Wer so denkt, muß sich fragen lassen, welche Geisteshaltung er einnimmt und welche Konsequenzen sie mit sich bringt. Was sollen Eltern dazu sagen, die ein schwer behindertes Kind mit großer Liebe betreuen? Bedeuten ihre Opfer nichts? Und sollen die heute lebenden Behinderten denken, sie hätten eigentlich gar nicht geboren werden dürfen? Haben sie nur Glück gehabt, daß es zu der Zeit, als sie im Mutterleib heranwuchsen, noch keine vorgeburtliche Untersuchung gab? Womit rechtfertigt man bei einer solchen Mentalität eigentlich das Lebensrecht der geborenen Behinderten, wenn man es den ungeborenen abspricht? Auch Zuckerkrankheit, Kurzsichtigkeit, Farbenblindheit und Gicht sind erblich bedingte Behinderungen.

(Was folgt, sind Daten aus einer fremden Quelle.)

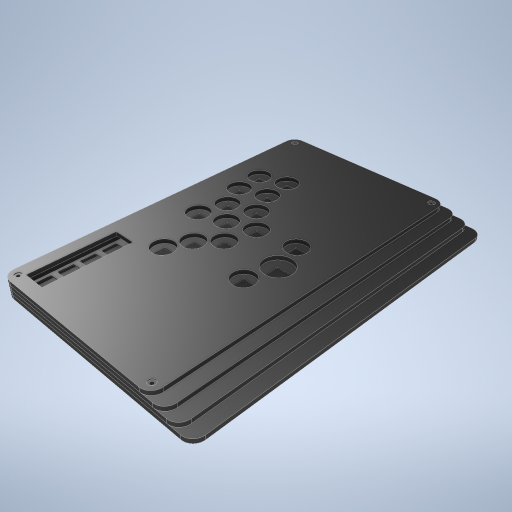
# Autodesk Inventor part: frame
Saved by Autodesk Inventor 2024 (Build 280153000, 153)
## iProperties
Created: 2023-10-17
Part Number: frame
Material: 玻璃
Document SubType Name: Modeling
Designer: Administrator
Density: 2.18 g/cm^3
Appearance: 有光泽 - 黑色
Author: Administrator
Autodesk Inventor part; units mm, degrees
ref_plane "YZ Plane" through (0, 0, 0) normal (1, 0, 0) x (0, 1, 0)
ref_plane "XY Plane" through (0, 0, 0) normal (0, 0, 1) x (1, 0, 0)
ref_plane "底层" through (0, -2, 0) normal (0, 1, 0) x (-1, 0, 0)
ref_plane "第二层" through (0, 4, 0) normal (0, 1, 0) x (-1, 0, 0)
ref_plane "第三层" through (0, 8, 0) normal (0, 1, 0) x (-1, 0, 0)
ref_plane "第四层" through (0, 12, 0) normal (0, 1, 0) x (-1, 0, 0)
sketch "第一层草图" plane through (0, 0, 0) normal (0, 1, 0) x (-1, 0, 0)
  line L0 (90, 150) -> (-90, 150)
  line L1 (-100, 140) -> (-100, -140)
  line L2 (-90, -150) -> (90, -150)
  line L3 (100, -140) -> (100, 140)
  line L4 (100, 150) -> (-100, -150) construction
  line L5 (-100, 150) -> (100, -150) construction
  arc A0 (100, 140) -> (90, 150) centre (90, 140) ccw
  arc A1 (-90, 150) -> (-100, 140) centre (-90, 140) ccw
  arc A2 (-100, -140) -> (-90, -150) centre (-90, -140) ccw
  arc A3 (90, -150) -> (100, -140) centre (90, -140) ccw
  point P0 (0, 0)
  dimension "d2" = 200
  dimension "d3" = 300
  dimension "d4" = 10
  constraints: 12 end point, 8 point on circle, 8 point on line, 8 tangent, 4 centre point, 3 equal radius, 2 midpoint, 2 parallel, 1 horizontal, 1 perpendicular
  measures "d2" distance of L5.end L4.end
  measures "d3" distance of L4.end L5.start
  measures "d4" radius of A0
sketch "第二层草图" plane through (0, 4, 0) normal (0, 1, 0) x (-1, 0, 0)
  line L0 (100, -140) -> (100, 140) projected
  line L1 (100, 0) -> (-88, 0)
  line L2 (90, 150) -> (-78, 150)
  line L3 (-88, 140) -> (-88, -140)
  line L4 (-78, -150) -> (90, -150)
  line L5 (100, -140) -> (100, 140)
  line L6 (100, 150) -> (-88, -150) construction
  line L7 (-88, 150) -> (100, -150) construction
  arc A0 (100, 140) -> (90, 150) centre (90, 140) ccw
  arc A1 (-78, 150) -> (-88, 140) centre (-78, 140) ccw
  arc A2 (-88, -140) -> (-78, -150) centre (-78, -140) ccw
  arc A3 (90, -150) -> (100, -140) centre (90, -140) ccw
  point P0 (0, 0)
  point P1 (6, 0)
  dimension "d101" = 188
  dimension "d102" = 188
  dimension "d103" = 300
  dimension "d104" = 10
  dimension "d125" = 10
  constraints: 14 end point, 8 point on circle, 8 point on line, 8 tangent, 4 centre point, 4 midpoint, 2 equal radius, 2 horizontal, 2 parallel, 1 perpendicular
  measures "d101" distance of L1.start L1.end
  measures "d102" distance of L7.end L6.end
  measures "d103" distance of L6.end L7.start
  measures "d104" radius of A0
  measures "d125" radius of A3
sketch "第三层草图" plane through (0, 8, 0) normal (0, 1, 0) x (-1, 0, 0)
  line L0 (100, -140) -> (100, 140) projected
  line L1 (100, 0) -> (-76, 0)
  line L2 (90, 150) -> (-66, 150)
  line L3 (-76, 140) -> (-76, -140)
  line L4 (-66, -150) -> (90, -150)
  line L5 (100, -140) -> (100, 140)
  line L6 (100, 150) -> (-76, -150) construction
  line L7 (-76, 150) -> (100, -150) construction
  arc A0 (100, 140) -> (90, 150) centre (90, 140) ccw
  arc A1 (-66, 150) -> (-76, 140) centre (-66, 140) ccw
  arc A2 (-76, -140) -> (-66, -150) centre (-66, -140) ccw
  arc A3 (90, -150) -> (100, -140) centre (90, -140) ccw
  point P0 (0, 0)
  point P1 (12, 0)
  dimension "d105" = 176
  dimension "d106" = 176
  dimension "d107" = 300
  dimension "d108" = 10
  constraints: 14 end point, 8 point on circle, 8 point on line, 8 tangent, 4 centre point, 4 midpoint, 3 equal radius, 2 horizontal, 2 parallel, 1 perpendicular
  measures "d105" distance of L1.start L1.end
  measures "d106" distance of L7.end L6.end
  measures "d107" distance of L6.end L7.start
  measures "d108" radius of A0
sketch "第四层草图" plane through (0, 12, 0) normal (0, 1, 0) x (-1, 0, 0)
  line L0 (100, -140) -> (100, 140) projected
  line L1 (100, 0) -> (-64, 0)
  line L2 (90, 150) -> (-54, 150)
  line L3 (-64, 140) -> (-64, -140)
  line L4 (-54, -150) -> (90, -150)
  line L5 (100, -140) -> (100, 140)
  line L6 (100, 150) -> (-64, -150) construction
  line L7 (-64, 150) -> (100, -150) construction
  arc A0 (100, 140) -> (90, 150) centre (90, 140) ccw
  arc A1 (-54, 150) -> (-64, 140) centre (-54, 140) ccw
  arc A2 (-64, -140) -> (-54, -150) centre (-54, -140) ccw
  arc A3 (90, -150) -> (100, -140) centre (90, -140) ccw
  point P0 (0, 0)
  point P1 (18, 0)
  dimension "d109" = 164
  dimension "d110" = 164
  dimension "d111" = 300
  dimension "d112" = 10
  dimension "d113" = 10
  constraints: 14 end point, 8 point on circle, 8 point on line, 8 tangent, 4 centre point, 4 midpoint, 2 equal radius, 2 horizontal, 2 parallel, 1 perpendicular
  measures "d109" distance of L1.start L1.end
  measures "d110" distance of L7.end L6.end
  measures "d111" distance of L6.end L7.start
  measures "d112" radius of A0
  measures "d113" radius of A2
sketch "底层草图" plane through (0, -2, 0) normal (0, 1, 0) x (-1, 0, 0)
  line L0 (98, 140) -> (98, -140)
  arc A0 (90, -148) -> (98, -140) centre (90, -140) ccw
  line L1 (90, -148) -> (-90, -148)
  arc A1 (-98, -140) -> (-90, -148) centre (-90, -140) ccw
  line L2 (-98, -140) -> (-98, 140)
  arc A2 (-90, 148) -> (-98, 140) centre (-90, 140) ccw
  line L3 (-90, 148) -> (90, 148)
  arc A3 (98, 140) -> (90, 148) centre (90, 140) ccw
  point P0 (0, 0)
  constraints: 8 end point, 8 point on circle, 4 centre point
extrude "拉伸25" add sketch "底层草图" along normal blind 2
extrude "拉伸26" add sketch "第一层草图" along normal blind 4 separate body
extrude "拉伸27" add sketch "第二层草图" along normal blind 4 separate body
extrude "拉伸28" add sketch "第三层草图" along normal blind 4 separate body
extrude "拉伸29" add sketch "第四层草图" along normal blind 4 separate body
sketch "草图20" plane through (0, 16, 0) normal (0, 1, 0) x (1, 0, 0)
  line L0 (-100, 140) -> (-100, -140) projected
  arc A0 (-100, -140) -> (-90, -150) centre (-90, -140) ccw projected
  line L1 (-90, -150) -> (54, -150) projected
  arc A1 (54, -150) -> (64, -140) centre (54, -140) ccw projected
  line L2 (64, -140) -> (64, 140) projected
  arc A2 (64, 140) -> (54, 150) centre (54, 140) ccw projected
  line L3 (54, 150) -> (-90, 150) projected
  arc A3 (-90, 150) -> (-100, 140) centre (-90, 140) ccw projected
  line L4 (-90, -140) -> (-92.1213, -142.1213)
  line L5 (-90, -140) -> (-87, -140) construction
  circle A4 centre (-92.1213, -142.1213) radius 2.75
  line L6 (-90, 140) -> (-92.1213, 142.1213)
  circle A5 centre (-92.1213, 142.1213) radius 2.75
  line L7 (54, -140) -> (56.1213, -142.1213)
  line L8 (54, -140) -> (57, -140) construction
  circle A6 centre (56.1213, -142.1213) radius 2.75
  line L9 (54, 140) -> (56.1213, 142.1213)
  circle A7 centre (56.1213, 142.1213) radius 2.75
  line L10 (-88, -138) -> (-88, 138)
  line L11 (-88, 138) -> (52, 138)
  line L12 (52, 138) -> (52, -138)
  line L13 (52, -138) -> (-88, -138)
  line L14 (-89.3713, -142.1213) -> (-90.7463, -144.5029)
  line L15 (-90.7463, -144.5029) -> (-93.4963, -144.5029)
  line L16 (-93.4963, -144.5029) -> (-94.8713, -142.1213)
  line L17 (-94.8713, -142.1213) -> (-93.4963, -139.7398)
  line L18 (-93.4963, -139.7398) -> (-90.7463, -139.7398)
  line L19 (-90.7463, -139.7398) -> (-89.3713, -142.1213)
  line L20 (-89.3713, 142.1213) -> (-90.7463, 139.7398)
  line L21 (-90.7463, 139.7398) -> (-93.4963, 139.7398)
  line L22 (-93.4963, 139.7398) -> (-94.8713, 142.1213)
  line L23 (-94.8713, 142.1213) -> (-93.4963, 144.5029)
  line L24 (-93.4963, 144.5029) -> (-90.7463, 144.5029)
  line L25 (-90.7463, 144.5029) -> (-89.3713, 142.1213)
  line L26 (58.8713, 142.1213) -> (57.4963, 139.7398)
  line L27 (57.4963, 139.7398) -> (54.7463, 139.7398)
  line L28 (54.7463, 139.7398) -> (53.3713, 142.1213)
  line L29 (53.3713, 142.1213) -> (54.7463, 144.5029)
  line L30 (54.7463, 144.5029) -> (57.4963, 144.5029)
  line L31 (57.4963, 144.5029) -> (58.8713, 142.1213)
  line L32 (58.8713, -142.1213) -> (57.4963, -144.5029)
  line L33 (57.4963, -144.5029) -> (54.7463, -144.5029)
  line L34 (54.7463, -144.5029) -> (53.3713, -142.1213)
  line L35 (53.3713, -142.1213) -> (54.7463, -139.7398)
  line L36 (54.7463, -139.7398) -> (57.4963, -139.7398)
  line L37 (57.4963, -139.7398) -> (58.8713, -142.1213)
  circle A8 centre (-92.1213, -142.1213) radius 1.6
  circle A9 centre (-92.1213, 142.1213) radius 1.6
  circle A10 centre (56.1213, -142.1213) radius 1.6
  circle A11 centre (56.1213, 142.1213) radius 1.6
  point P0 (0, 0)
  dimension "d128" = 5.5
  dimension "d130" = 5.5
  dimension "d132" = 5.5
  dimension "d134" = 5.5
  dimension "d126" = 3
  dimension "d127" = 135
  dimension "d129" = 3
  dimension "d131" = 45
  dimension "d133" = 3
  dimension "d135" = 12
  dimension "d136" = 3.2
  dimension "d137" = 3.2
  dimension "d138" = 3.2
  dimension "d139" = 3.2
  constraints: 68 end point, 12 coincident, 4 centre point, 4 horizontal alignment, 2 equal length, 2 horizontal, 63 other
  measures "d126" distance of L4.start L4.end
  measures "d127" angle of L4 L5
  measures "d129" distance of L6.start L6.end
  measures "d131" angle of L7 L8
  measures "d133" distance of L9.start L9.end
  measures "d135" distance between parallel lines of L0 L10
  measures "d136" diameter of A8
  measures "d137" diameter of A9
  measures "d138" diameter of A10
  measures "d139" diameter of A11
extrude "拉伸30" cut sketch "草图20" against normal up to surface (18 mm away) contours L10 L11 L12 L13 bodies 4 3 2
hole "四角固定孔" at (-92.1213, 16, 142.1213) at (-92.1213, 16, -142.1213) at (56.1213, 16, -142.1213) at (56.1213, 16, 142.1213) direction (0, -1, 0) diameter 3.2 end through all counterbore diameter 6.2 counterbore depth 1 bodies 5
extrude "六角通孔1" cut sketch "草图20" against normal through all contours L19 L14 L15 L16 L17 L18 | A8 bodies 4 3 2
extrude "六角通孔2" cut sketch "草图20" against normal through all contours L35 L36 L37 L32 L33 L34 | A10 bodies 4 3 2
extrude "六角通孔3" cut sketch "草图20" against normal through all contours L28 L29 L30 L31 L26 L27 | A11 bodies 4 3 2
extrude "六角通孔4" cut sketch "草图20" against normal through all contours L20 L21 L22 L23 L24 L25 | A9 bodies 4 3 2
sketch "第二层开孔草图" plane through (0, 8, 0) normal (0, 1, 0) x (1, 0, 0)
  line L0 (-100, 0) -> (-98, 0)
  line L1 (-100, 0) -> (-98, 0) construction
  line L2 (-98, 0) -> (-88, 0)
  line L3 (-98, -15) -> (-88, -15)
  line L4 (-88, -15) -> (-88, 15)
  line L5 (-88, 15) -> (-98, 15)
  line L6 (-98, 15) -> (-98, -15)
  line L7 (-98, -15) -> (-88, 15) construction
  line L8 (-88, -15) -> (-98, 15) construction
  line L9 (-100, -4.9) -> (-98, -4.9)
  line L10 (-98, -4.9) -> (-98, 4.9)
  line L11 (-98, 4.9) -> (-100, 4.9)
  line L12 (-100, 4.9) -> (-100, -4.9)
  line L13 (-100, -4.9) -> (-98, 4.9) construction
  line L14 (-98, -4.9) -> (-100, 4.9) construction
  line L15 (-88, 76.5) -> (-98, 76.5)
  line L16 (-98, 76.5) -> (-100, 76.5)
  line L17 (-98, 76.5) -> (-96, 76.5) construction
  line L18 (-98, 61.5) -> (-88, 61.5)
  line L19 (-88, 61.5) -> (-88, 91.5)
  line L20 (-88, 91.5) -> (-98, 91.5)
  line L21 (-98, 91.5) -> (-98, 61.5)
  line L22 (-98, 61.5) -> (-88, 91.5) construction
  line L23 (-88, 61.5) -> (-98, 91.5) construction
  line L24 (-100, 71.6) -> (-98, 71.6)
  line L25 (-98, 71.6) -> (-98, 81.4)
  line L26 (-98, 81.4) -> (-100, 81.4)
  line L27 (-100, 81.4) -> (-100, 71.6)
  line L28 (-100, 71.6) -> (-98, 81.4) construction
  line L29 (-98, 71.6) -> (-100, 81.4) construction
  line L30 (-88, 15) -> (-88, 61.5)
  line L31 (-88, 38.25) -> (-100, 38.25)
  line L32 (-100, 26.75) -> (-88, 26.75)
  line L33 (-88, 26.75) -> (-88, 49.75)
  line L34 (-88, 49.75) -> (-100, 49.75)
  line L35 (-100, 49.75) -> (-100, 26.75)
  line L36 (-100, 26.75) -> (-88, 49.75) construction
  line L37 (-88, 26.75) -> (-100, 49.75) construction
  line L38 (-91.2527, 26.75) -> (-92.6263, 24.3708)
  line L39 (-92.6263, 24.3708) -> (-95.3737, 24.3708)
  line L40 (-95.3737, 24.3708) -> (-96.7473, 26.75)
  line L41 (-96.7473, 26.75) -> (-95.3737, 29.1292)
  line L42 (-95.3737, 29.1292) -> (-92.6263, 29.1292)
  line L43 (-92.6263, 29.1292) -> (-91.2527, 26.75)
  line L44 (-91.2527, 49.75) -> (-92.6263, 47.3708)
  line L45 (-92.6263, 47.3708) -> (-95.3737, 47.3708)
  line L46 (-95.3737, 47.3708) -> (-96.7473, 49.75)
  line L47 (-96.7473, 49.75) -> (-95.3737, 52.1292)
  line L48 (-95.3737, 52.1292) -> (-92.6263, 52.1292)
  line L49 (-92.6263, 52.1292) -> (-91.2527, 49.75)
  line L50 (-88, -15) -> (-88, -26.75)
  line L51 (-88, -26.75) -> (-100, -26.75)
  line L52 (-88, 91.5) -> (-88, 103.25)
  line L53 (-88, 103.25) -> (-100, 103.25)
  line L54 (-91.2501, -26.75) -> (-92.625, -29.1315)
  line L55 (-92.625, -29.1315) -> (-95.375, -29.1315)
  line L56 (-95.375, -29.1315) -> (-96.7499, -26.75)
  line L57 (-96.7499, -26.75) -> (-95.375, -24.3685)
  line L58 (-95.375, -24.3685) -> (-92.625, -24.3685)
  line L59 (-92.625, -24.3685) -> (-91.2501, -26.75)
  line L60 (-91.2501, 103.25) -> (-92.625, 100.8685)
  line L61 (-92.625, 100.8685) -> (-95.375, 100.8685)
  line L62 (-95.375, 100.8685) -> (-96.7499, 103.25)
  line L63 (-96.7499, 103.25) -> (-95.375, 105.6315)
  line L64 (-95.375, 105.6315) -> (-92.625, 105.6315)
  line L65 (-92.625, 105.6315) -> (-91.2501, 103.25)
  point P0 (0, 0)
  point P1 (-93, 0)
  point P2 (-99, 0)
  point P3 (-93, 76.5)
  point P4 (-99, 76.5)
  point P5 (-94, 38.25)
  point P6 (-94, 26.75)
  point P7 (-94, 49.75)
  point P8 (-94, -26.75)
  point P9 (-94, 103.25)
  dimension "d164" = 2
  dimension "d165" = 0
  dimension "d166" = 30
  dimension "d167" = 9.8
  dimension "d172" = 10
  dimension "d173" = 2
  dimension "d174" = 180
  dimension "d175" = 10
  dimension "d176" = 30
  dimension "d177" = 2
  dimension "d178" = 9.8
  dimension "d183" = 23
  dimension "d189" = 11.75
  dimension "d190" = 11.75
  constraints: 132 end point, 10 midpoint, 2 collinear, 2 horizontal, 52 other
  measures "d164" distance of L0.start L0.end
  measures "d165" distance between parallel lines of L0 L1
  measures "d166" distance of L4.end L3.end
  measures "d167" distance of L10.end L9.end
  measures "d172" distance of L15.start L15.end
  measures "d173" distance of L16.start L16.end
  measures "d174" angle of L16 L17
  measures "d175" distance of L20.end L19.end
  measures "d176" distance of L19.end L18.end
  measures "d177" distance of L26.end L25.end
  measures "d178" distance of L25.end L24.end
  measures "d183" distance of L33.end L32.end
  measures "d189" distance of L50.start L50.end
  measures "d190" distance of L52.start L52.end
extrude "拉伸35" cut sketch "第二层开孔草图" against normal blind 10 contours L6 L5 L4 L2 | L2 L4 L3 L6 bodies 3 2
extrude "拉伸36" cut sketch "第二层开孔草图" against normal blind 10 contours L12 L11 L6 L0 | L0 L6 L9 L12 bodies 3
extrude "拉伸37" cut sketch "第二层开孔草图" against normal through all contours L19 L18 L21 L15 | L15 L21 L20 L19 bodies 3 2
extrude "拉伸38" cut sketch "第二层开孔草图" against normal through all contours L21 L24 L27 L16 | L16 L27 L26 L21 bodies 3
ref_plane "第三层开孔面" through (0, 12, 0) normal (0, 1, 0) x (1, 0, 0)
sketch "第三层开孔草图" plane through (0, 12, 0) normal (0, 1, 0) x (1, 0, 0)
  line L0 (-95.3737, 29.1292) -> (-92.6263, 29.1292) projected
  line L1 (-96.7473, 26.75) -> (-95.3737, 29.1292) projected
  line L2 (-95.3737, 24.3708) -> (-96.7473, 26.75) projected
  line L3 (-92.6263, 24.3708) -> (-95.3737, 24.3708) projected
  line L4 (-91.2527, 26.75) -> (-92.6263, 24.3708) projected
  line L5 (-92.6263, 29.1292) -> (-91.2527, 26.75) projected
  line L6 (-91.2527, 49.75) -> (-92.6263, 47.3708) projected
  line L7 (-92.6263, 47.3708) -> (-95.3737, 47.3708) projected
  line L8 (-95.3737, 47.3708) -> (-96.7473, 49.75) projected
  line L9 (-96.7473, 49.75) -> (-95.3737, 52.1292) projected
  line L10 (-95.3737, 52.1292) -> (-92.6263, 52.1292) projected
  line L11 (-92.6263, 52.1292) -> (-91.2527, 49.75) projected
  line L12 (-96.7499, -26.75) -> (-95.375, -24.3685) projected
  line L13 (-95.375, -29.1315) -> (-96.7499, -26.75) projected
  line L14 (-92.625, -29.1315) -> (-95.375, -29.1315) projected
  line L15 (-91.2501, -26.75) -> (-92.625, -29.1315) projected
  line L16 (-92.625, -24.3685) -> (-91.2501, -26.75) projected
  line L17 (-95.375, -24.3685) -> (-92.625, -24.3685) projected
  line L18 (-95.375, 100.8685) -> (-96.7499, 103.25) projected
  line L19 (-92.625, 100.8685) -> (-95.375, 100.8685) projected
  line L20 (-91.2501, 103.25) -> (-92.625, 100.8685) projected
  line L21 (-92.625, 105.6315) -> (-91.2501, 103.25) projected
  line L22 (-95.375, 105.6315) -> (-92.625, 105.6315) projected
  line L23 (-96.7499, 103.25) -> (-95.375, 105.6315) projected
  point P0 (0, 0)
extrude "中间层固定孔" cut sketch "第三层开孔草图" against normal through all bodies 4 3 2
sketch "底部孔草图" plane through (0, -2, 0) normal (0, -1, 0) x (1, 0, 0)
  circle A0 centre (-92.1213, -142.1213) radius 2.75 projected
  circle A1 centre (56.1213, -142.1213) radius 2.75 projected
  circle A2 centre (56.1213, 142.1213) radius 2.75 projected
  circle A3 centre (-92.1213, 142.1213) radius 2.75 projected
  line L0 (-96.7473, -26.75) -> (-95.3737, -24.3708) projected
  line L1 (-95.3737, -29.1292) -> (-96.7473, -26.75) projected
  line L2 (-92.6263, -29.1292) -> (-95.3737, -29.1292) projected
  line L3 (-91.2527, -26.75) -> (-92.6263, -29.1292) projected
  line L4 (-92.6263, -24.3708) -> (-91.2527, -26.75) projected
  line L5 (-95.3737, -24.3708) -> (-92.6263, -24.3708) projected
  line L6 (-95.375, 24.3685) -> (-96.7499, 26.75) projected
  line L7 (-96.7499, 26.75) -> (-95.375, 29.1315) projected
  line L8 (-95.375, 29.1315) -> (-92.625, 29.1315) projected
  line L9 (-92.625, 29.1315) -> (-91.2501, 26.75) projected
  line L10 (-91.2501, 26.75) -> (-92.625, 24.3685) projected
  line L11 (-92.625, 24.3685) -> (-95.375, 24.3685) projected
  circle A4 centre (-94, -26.75) radius 2.3792
  circle A5 centre (-94, 26.75) radius 2.3815
  point P0 (0, 0)
  constraints: 6 tangent, 2 centre point
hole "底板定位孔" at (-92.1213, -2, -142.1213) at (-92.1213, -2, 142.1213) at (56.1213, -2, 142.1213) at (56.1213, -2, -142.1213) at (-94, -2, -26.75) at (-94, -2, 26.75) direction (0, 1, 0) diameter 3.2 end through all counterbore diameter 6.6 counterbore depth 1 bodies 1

Der Wert eines Menschen gründet nicht in seiner Gesundheit, in seiner Glücksfähigkeit, in seiner Nützlichkeit, in seinem Geschlecht, in seinem Angenommensein durch die Eltern, sondern in seinem Menschsein, in seiner Gottebenbildlichkeit, in seinem Angenommensein von Gott und in seiner Berufung auf eine ewige Zukunft hin. Deshalb ist die eugenische oder genetische Indikation kein Hinweis darauf, daß geschädigtes oder krankes Leben beseitigt werden soll, vielmehr wird uns zugemutet, in wahrhaftem Sinne human zu sein. Deshalb gilt als ethisch verbindliches Prinzip, daß jedes menschliche Wesen als Person geachtet und behandelt werden muß. Deshalb muß auch das geschädigte menschliche Leben im Rahmen der medizinischen Möglichkeit versorgt und betreut werden. Daraus ergibt sich, daß sich ein Arzt einer moralisch unerlaubten Beihilfe schuldig machen würde, wenn er beim Durchführen der Diagnose und beim Mitteilen des Ergebnisses absichtlich dazu beitrüge, eine Verbindung zwischen vorgeburtlicher Diagnose und Abtreibung herzustellen (vgl. zum Ganzen KKK 2274 sowie die Instruktion der Kongregation für die Glaubenslehre über die Achtung vor dem beginnenden menschlichen Leben und die Würde der Fortpflanzung vom 10. 3. 1987, I, 2).